[Source records]

§

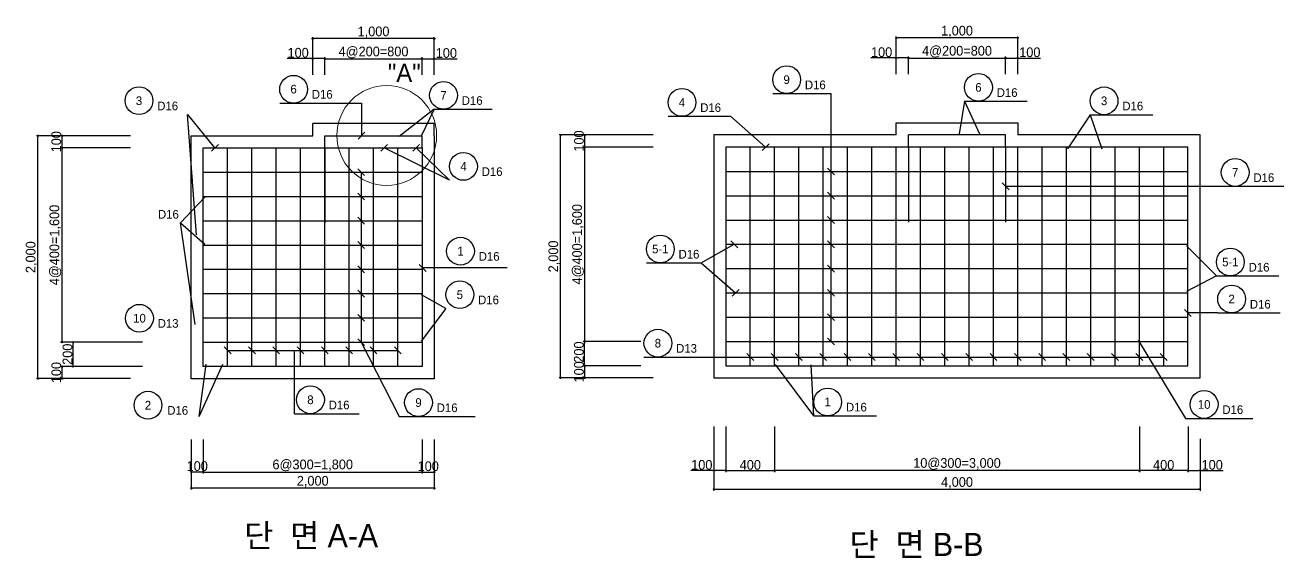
# Model space of a CAD drawing. Header units: millimetres. Extents: x 981 to 4484, y 155 to 1370.
# Drawn here: x 981 to 2016, y 277 to 716 of the extents above; entities that cross this region are included whole.
import ezdxf
from ezdxf.enums import TextEntityAlignment as Align

# ---------------------------------------------------------------- set-up
doc = ezdxf.new("R2010")
doc.units = ezdxf.units.MM
doc.layers.add('6', color=6, linetype='Continuous', lineweight=20)
doc.styles.add('GHS', font='')
doc.styles.get("Standard").update_dxf_attribs({"font": 'H2GTRE.TTF'})
doc.styles.add('T25', font='')
doc.styles.get('GHS').set_extended_font_data('Gulim')
doc.styles.get('T25').set_extended_font_data('Gulim')
doc.dimstyles.new('ISO-25', dxfattribs={"dimtxt": 2.5, "dimasz": 2.5, "dimexe": 1.25, "dimexo": 0.625, "dimtad": 1, "dimtxsty": 'Standard', "dimcen": 2.5, "dimadec": 0, "dimazin": 0, "dimtfac": 1, "dimtmove": 0, "dimatfit": 3, "dimfxl": 1, "dimarcsym": 0})

# ---------------------------------------------------------------- blocks, each defined once
blk = doc.blocks.new('_DotBlank')
at = {"color": 0, "linetype": 'ByBlock', "lineweight": -2}
blk.add_line((-0.5, 0), (-1, 0), dxfattribs=at)
blk.add_circle((0, 0), 0.5, dxfattribs=at)
blk = doc.blocks.new('*D33')
at = {"color": 4, "lineweight": -2, "transparency": 16777216}
for p, q in [((1067.1, 624.7), (989.8, 624.7)), ((991.1, 425.7), (991.1, 623.7)), ((1067.1, 424.7), (989.8, 424.7))]:
    blk.add_line(p, q, dxfattribs=at)
at = {"layer": 'Defpoints', "color": 0, "transparency": 16777216}
for p in [(991.1, 624.7), (1117.1, 624.7), (1117.1, 424.7)]:
    blk.add_point(p, dxfattribs=at)
at = {"color": 4, "lineweight": -2, "transparency": 16777216}
for p, rotation in [((991.1, 624.7), 90), ((991.1, 424.7), 270)]:
    blk.add_blockref('_DotBlank', p, dxfattribs=dict(at, rotation=rotation))
at = {"color": 4, "transparency": 16777216, "insert": (985.8, 524.7), "char_height": 8, "attachment_point": 5, "rotation": 90, "style": 'T25'}
blk.add_mtext('2,000', dxfattribs=at)
blk = doc.blocks.new('*D15')
at = {"color": 4, "lineweight": -2, "transparency": 16777216}
for p, q in [((1067.1, 434.7), (1009.7, 434.7)), ((1067.1, 424.7), (1009.7, 424.7)), ((1010.9, 425.7), (1010.9, 433.7))]:
    blk.add_line(p, q, dxfattribs=at)
at = {"layer": 'Defpoints', "color": 0, "transparency": 16777216}
for p in [(1010.9, 434.7), (1117.1, 434.7), (1117.1, 424.7)]:
    blk.add_point(p, dxfattribs=at)
at = {"color": 4, "lineweight": -2, "transparency": 16777216}
for p, rotation in [((1010.9, 434.7), 90), ((1010.9, 424.7), 270)]:
    blk.add_blockref('_DotBlank', p, dxfattribs=dict(at, rotation=rotation))
at = {"color": 4, "transparency": 16777216, "insert": (1006.2, 429.7), "char_height": 8, "attachment_point": 5, "rotation": 90, "style": 'T25'}
blk.add_mtext('100', dxfattribs=at)
blk = doc.blocks.new('*D16')
at = {"color": 4, "lineweight": -2, "transparency": 16777216}
for p, q in [((1067.1, 614.7), (1009.7, 614.7)), ((1010.9, 455.7), (1010.9, 613.7)), ((1067.1, 454.7), (1009.7, 454.7))]:
    blk.add_line(p, q, dxfattribs=at)
at = {"layer": 'Defpoints', "color": 0, "transparency": 16777216}
for p in [(1010.9, 614.7), (1117.1, 614.7), (1117.1, 454.7)]:
    blk.add_point(p, dxfattribs=at)
at = {"color": 4, "lineweight": -2, "transparency": 16777216}
for p, rotation in [((1010.9, 614.7), 90), ((1010.9, 454.7), 270)]:
    blk.add_blockref('_DotBlank', p, dxfattribs=dict(at, rotation=rotation))
at = {"color": 4, "transparency": 16777216, "insert": (1005.4, 534.7), "char_height": 8, "attachment_point": 5, "rotation": 90, "style": 'T25'}
blk.add_mtext('4@400=1,600', dxfattribs=at)
blk = doc.blocks.new('*D34')
at = {"color": 4, "lineweight": -2, "transparency": 16777216}
for p, q in [((1067.1, 624.7), (1009.7, 624.7)), ((1010.9, 615.7), (1010.9, 623.7)), ((1067.1, 614.7), (1009.7, 614.7))]:
    blk.add_line(p, q, dxfattribs=at)
at = {"layer": 'Defpoints', "color": 0, "transparency": 16777216}
for p in [(1010.9, 624.7), (1117.1, 624.7), (1117.1, 614.7)]:
    blk.add_point(p, dxfattribs=at)
at = {"color": 4, "lineweight": -2, "transparency": 16777216}
for p, rotation in [((1010.9, 624.7), 90), ((1010.9, 614.7), 270)]:
    blk.add_blockref('_DotBlank', p, dxfattribs=dict(at, rotation=rotation))
at = {"color": 4, "transparency": 16777216, "insert": (1006.2, 619.7), "char_height": 8, "attachment_point": 5, "rotation": 90, "style": 'T25'}
blk.add_mtext('100', dxfattribs=at)
blk = doc.blocks.new('*D20')
at = {"color": 4, "lineweight": -2, "transparency": 16777216}
for p, q in [((1077.1, 454.7), (1018.9, 454.7)), ((1020.1, 435.7), (1020.1, 453.7)), ((1077.1, 434.7), (1018.9, 434.7))]:
    blk.add_line(p, q, dxfattribs=at)
at = {"layer": 'Defpoints', "color": 0, "transparency": 16777216}
for p in [(1020.1, 454.7), (1127.1, 454.7), (1127.1, 434.7)]:
    blk.add_point(p, dxfattribs=at)
at = {"color": 4, "lineweight": -2, "transparency": 16777216}
for p, rotation in [((1020.1, 454.7), 90), ((1020.1, 434.7), 270)]:
    blk.add_blockref('_DotBlank', p, dxfattribs=dict(at, rotation=rotation))
at = {"color": 4, "transparency": 16777216, "insert": (1015.4, 444.8), "char_height": 8, "attachment_point": 5, "rotation": 90, "style": 'T25'}
blk.add_mtext('200', dxfattribs=at)
blk = doc.blocks.new('*D21')
at = {"color": 4, "lineweight": -2, "transparency": 16777216}
for p, q in [((1117.1, 374.7), (1117.1, 333.4)), ((1317.1, 374.7), (1317.1, 333.4)), ((1316.1, 334.6), (1118.1, 334.6))]:
    blk.add_line(p, q, dxfattribs=at)
at = {"layer": 'Defpoints', "color": 0, "transparency": 16777216}
for p in [(1117.1, 424.7), (1317.1, 424.7), (1117.1, 334.6)]:
    blk.add_point(p, dxfattribs=at)
at = {"color": 4, "lineweight": -2, "transparency": 16777216, "rotation": 180}
blk.add_blockref('_DotBlank', (1117.1, 334.6), dxfattribs=at)
at = {"color": 4, "lineweight": -2, "transparency": 16777216}
blk.add_blockref('_DotBlank', (1317.1, 334.6), dxfattribs=at)
at = {"color": 4, "transparency": 16777216, "insert": (1217.1, 339.9), "char_height": 8, "attachment_point": 5, "style": 'T25'}
blk.add_mtext('2,000', dxfattribs=at)
blk = doc.blocks.new('*D22')
at = {"color": 4, "lineweight": -2, "transparency": 16777216}
for p, q in [((1117.1, 374.7), (1117.1, 346.7)), ((1127.1, 374.7), (1127.1, 346.7)), ((1118.1, 347.9), (1126.1, 347.9))]:
    blk.add_line(p, q, dxfattribs=at)
at = {"layer": 'Defpoints', "color": 0, "transparency": 16777216}
for p in [(1117.1, 424.7), (1127.1, 424.7), (1127.1, 347.9)]:
    blk.add_point(p, dxfattribs=at)
at = {"color": 4, "lineweight": -2, "transparency": 16777216, "rotation": 180}
blk.add_blockref('_DotBlank', (1117.1, 347.9), dxfattribs=at)
at = {"color": 4, "lineweight": -2, "transparency": 16777216}
blk.add_blockref('_DotBlank', (1127.1, 347.9), dxfattribs=at)
at = {"color": 4, "transparency": 16777216, "insert": (1122.1, 352.7), "char_height": 8, "attachment_point": 5, "style": 'T25'}
blk.add_mtext('100', dxfattribs=at)
blk = doc.blocks.new('*D23')
at = {"color": 4, "lineweight": -2, "transparency": 16777216}
for p, q in [((1307.1, 374.7), (1307.1, 346.6)), ((1317.1, 374.7), (1317.1, 346.6)), ((1308.1, 347.8), (1316.1, 347.8))]:
    blk.add_line(p, q, dxfattribs=at)
at = {"layer": 'Defpoints', "color": 0, "transparency": 16777216}
for p in [(1307.1, 424.7), (1317.1, 424.7), (1317.1, 347.8)]:
    blk.add_point(p, dxfattribs=at)
at = {"color": 4, "lineweight": -2, "transparency": 16777216, "rotation": 180}
blk.add_blockref('_DotBlank', (1307.1, 347.8), dxfattribs=at)
at = {"color": 4, "lineweight": -2, "transparency": 16777216}
blk.add_blockref('_DotBlank', (1317.1, 347.8), dxfattribs=at)
at = {"color": 4, "transparency": 16777216, "insert": (1312.1, 352.6), "char_height": 8, "attachment_point": 5, "style": 'T25'}
blk.add_mtext('100', dxfattribs=at)
blk = doc.blocks.new('*D4')
at = {"color": 4, "lineweight": -2, "transparency": 16777216}
for p, q in [((1127.1, 374.7), (1127.1, 346.6)), ((1307.1, 374.7), (1307.1, 346.6)), ((1128.1, 347.8), (1306.1, 347.8))]:
    blk.add_line(p, q, dxfattribs=at)
at = {"layer": 'Defpoints', "color": 0, "transparency": 16777216}
for p in [(1127.1, 424.7), (1307.1, 424.7), (1307.1, 347.8)]:
    blk.add_point(p, dxfattribs=at)
at = {"color": 4, "lineweight": -2, "transparency": 16777216, "rotation": 180}
blk.add_blockref('_DotBlank', (1127.1, 347.8), dxfattribs=at)
at = {"color": 4, "lineweight": -2, "transparency": 16777216}
blk.add_blockref('_DotBlank', (1307.1, 347.8), dxfattribs=at)
at = {"color": 4, "transparency": 16777216, "insert": (1217.1, 353.3), "char_height": 8, "attachment_point": 5, "style": 'T25'}
blk.add_mtext('6@300=1,800', dxfattribs=at)
blk = doc.blocks.new('*D24')
at = {"color": 4, "lineweight": -2, "transparency": 16777216}
for p, q in [((1217.1, 684.7), (1217.1, 705.9)), ((1316.1, 704.6), (1218.1, 704.6)), ((1317.1, 684.7), (1317.1, 705.9))]:
    blk.add_line(p, q, dxfattribs=at)
at = {"layer": 'Defpoints', "color": 0, "transparency": 16777216}
for p in [(1217.1, 704.6), (1217.1, 634.7), (1317.1, 634.7)]:
    blk.add_point(p, dxfattribs=at)
at = {"color": 4, "lineweight": -2, "transparency": 16777216, "rotation": 180}
blk.add_blockref('_DotBlank', (1217.1, 704.6), dxfattribs=at)
at = {"color": 4, "lineweight": -2, "transparency": 16777216}
blk.add_blockref('_DotBlank', (1317.1, 704.6), dxfattribs=at)
at = {"color": 4, "transparency": 16777216, "insert": (1267.1, 709.8), "char_height": 8, "attachment_point": 5, "style": 'T25'}
blk.add_mtext('1,000', dxfattribs=at)
blk = doc.blocks.new('*D25')
at = {"color": 4, "lineweight": -2, "transparency": 16777216}
for p, q in [((1217.1, 688.1), (1196.2, 688.1)), ((1217.1, 674.7), (1217.1, 689.4)), ((1226.1, 688.1), (1218.1, 688.1)), ((1227.1, 674.7), (1227.1, 689.4))]:
    blk.add_line(p, q, dxfattribs=at)
at = {"layer": 'Defpoints', "color": 0, "transparency": 16777216}
for p in [(1227.1, 688.1), (1217.1, 624.7), (1227.1, 624.7)]:
    blk.add_point(p, dxfattribs=at)
at = {"color": 4, "lineweight": -2, "transparency": 16777216, "rotation": 180}
blk.add_blockref('_DotBlank', (1217.1, 688.1), dxfattribs=at)
at = {"color": 4, "lineweight": -2, "transparency": 16777216}
blk.add_blockref('_DotBlank', (1227.1, 688.1), dxfattribs=at)
at = {"color": 4, "transparency": 16777216, "insert": (1205.1, 692.9), "char_height": 8, "attachment_point": 5, "style": 'T25'}
blk.add_mtext('100', dxfattribs=at)
blk = doc.blocks.new('*D26')
at = {"color": 4, "lineweight": -2, "transparency": 16777216}
for p, q in [((1227.1, 674.7), (1227.1, 689.2)), ((1228.1, 688), (1306.1, 688)), ((1307.1, 674.7), (1307.1, 689.2))]:
    blk.add_line(p, q, dxfattribs=at)
at = {"layer": 'Defpoints', "color": 0, "transparency": 16777216}
for p in [(1307.1, 688), (1227.1, 624.7), (1307.1, 624.7)]:
    blk.add_point(p, dxfattribs=at)
at = {"color": 4, "lineweight": -2, "transparency": 16777216, "rotation": 180}
blk.add_blockref('_DotBlank', (1227.1, 688), dxfattribs=at)
at = {"color": 4, "lineweight": -2, "transparency": 16777216}
blk.add_blockref('_DotBlank', (1307.1, 688), dxfattribs=at)
at = {"color": 4, "transparency": 16777216, "insert": (1267.1, 693.2), "char_height": 8, "attachment_point": 5, "style": 'T25'}
blk.add_mtext('4@200=800', dxfattribs=at)
blk = doc.blocks.new('*D27')
at = {"color": 4, "lineweight": -2, "transparency": 16777216}
for p, q in [((1307.1, 674.7), (1307.1, 689.2)), ((1308.1, 688), (1316.1, 688)), ((1317.1, 674.7), (1317.1, 689.2)), ((1317.1, 688), (1335.9, 688))]:
    blk.add_line(p, q, dxfattribs=at)
at = {"layer": 'Defpoints', "color": 0, "transparency": 16777216}
for p in [(1317.1, 688), (1307.1, 624.7), (1317.1, 624.7)]:
    blk.add_point(p, dxfattribs=at)
at = {"color": 4, "lineweight": -2, "transparency": 16777216, "rotation": 180}
blk.add_blockref('_DotBlank', (1307.1, 688), dxfattribs=at)
at = {"color": 4, "lineweight": -2, "transparency": 16777216}
blk.add_blockref('_DotBlank', (1317.1, 688), dxfattribs=at)
at = {"color": 4, "transparency": 16777216, "insert": (1327, 692.7), "char_height": 8, "attachment_point": 5, "style": 'T25'}
blk.add_mtext('100', dxfattribs=at)
blk = doc.blocks.new('*D5')
at = {"color": 4, "lineweight": -2, "transparency": 16777216}
for p, q in [((1697, 685.3), (1697, 706.4)), ((1796, 705.2), (1698, 705.2)), ((1797, 685.3), (1797, 706.4))]:
    blk.add_line(p, q, dxfattribs=at)
at = {"layer": 'Defpoints', "color": 0, "transparency": 16777216}
for p in [(1697, 705.2), (1697, 635.3), (1797, 635.3)]:
    blk.add_point(p, dxfattribs=at)
at = {"color": 4, "lineweight": -2, "transparency": 16777216, "rotation": 180}
blk.add_blockref('_DotBlank', (1697, 705.2), dxfattribs=at)
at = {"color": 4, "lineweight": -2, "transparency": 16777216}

§

Task description: Taking the entries as a whole, work out how many lines contain the string "linetype". Respond with only the number.

Worked solution: 2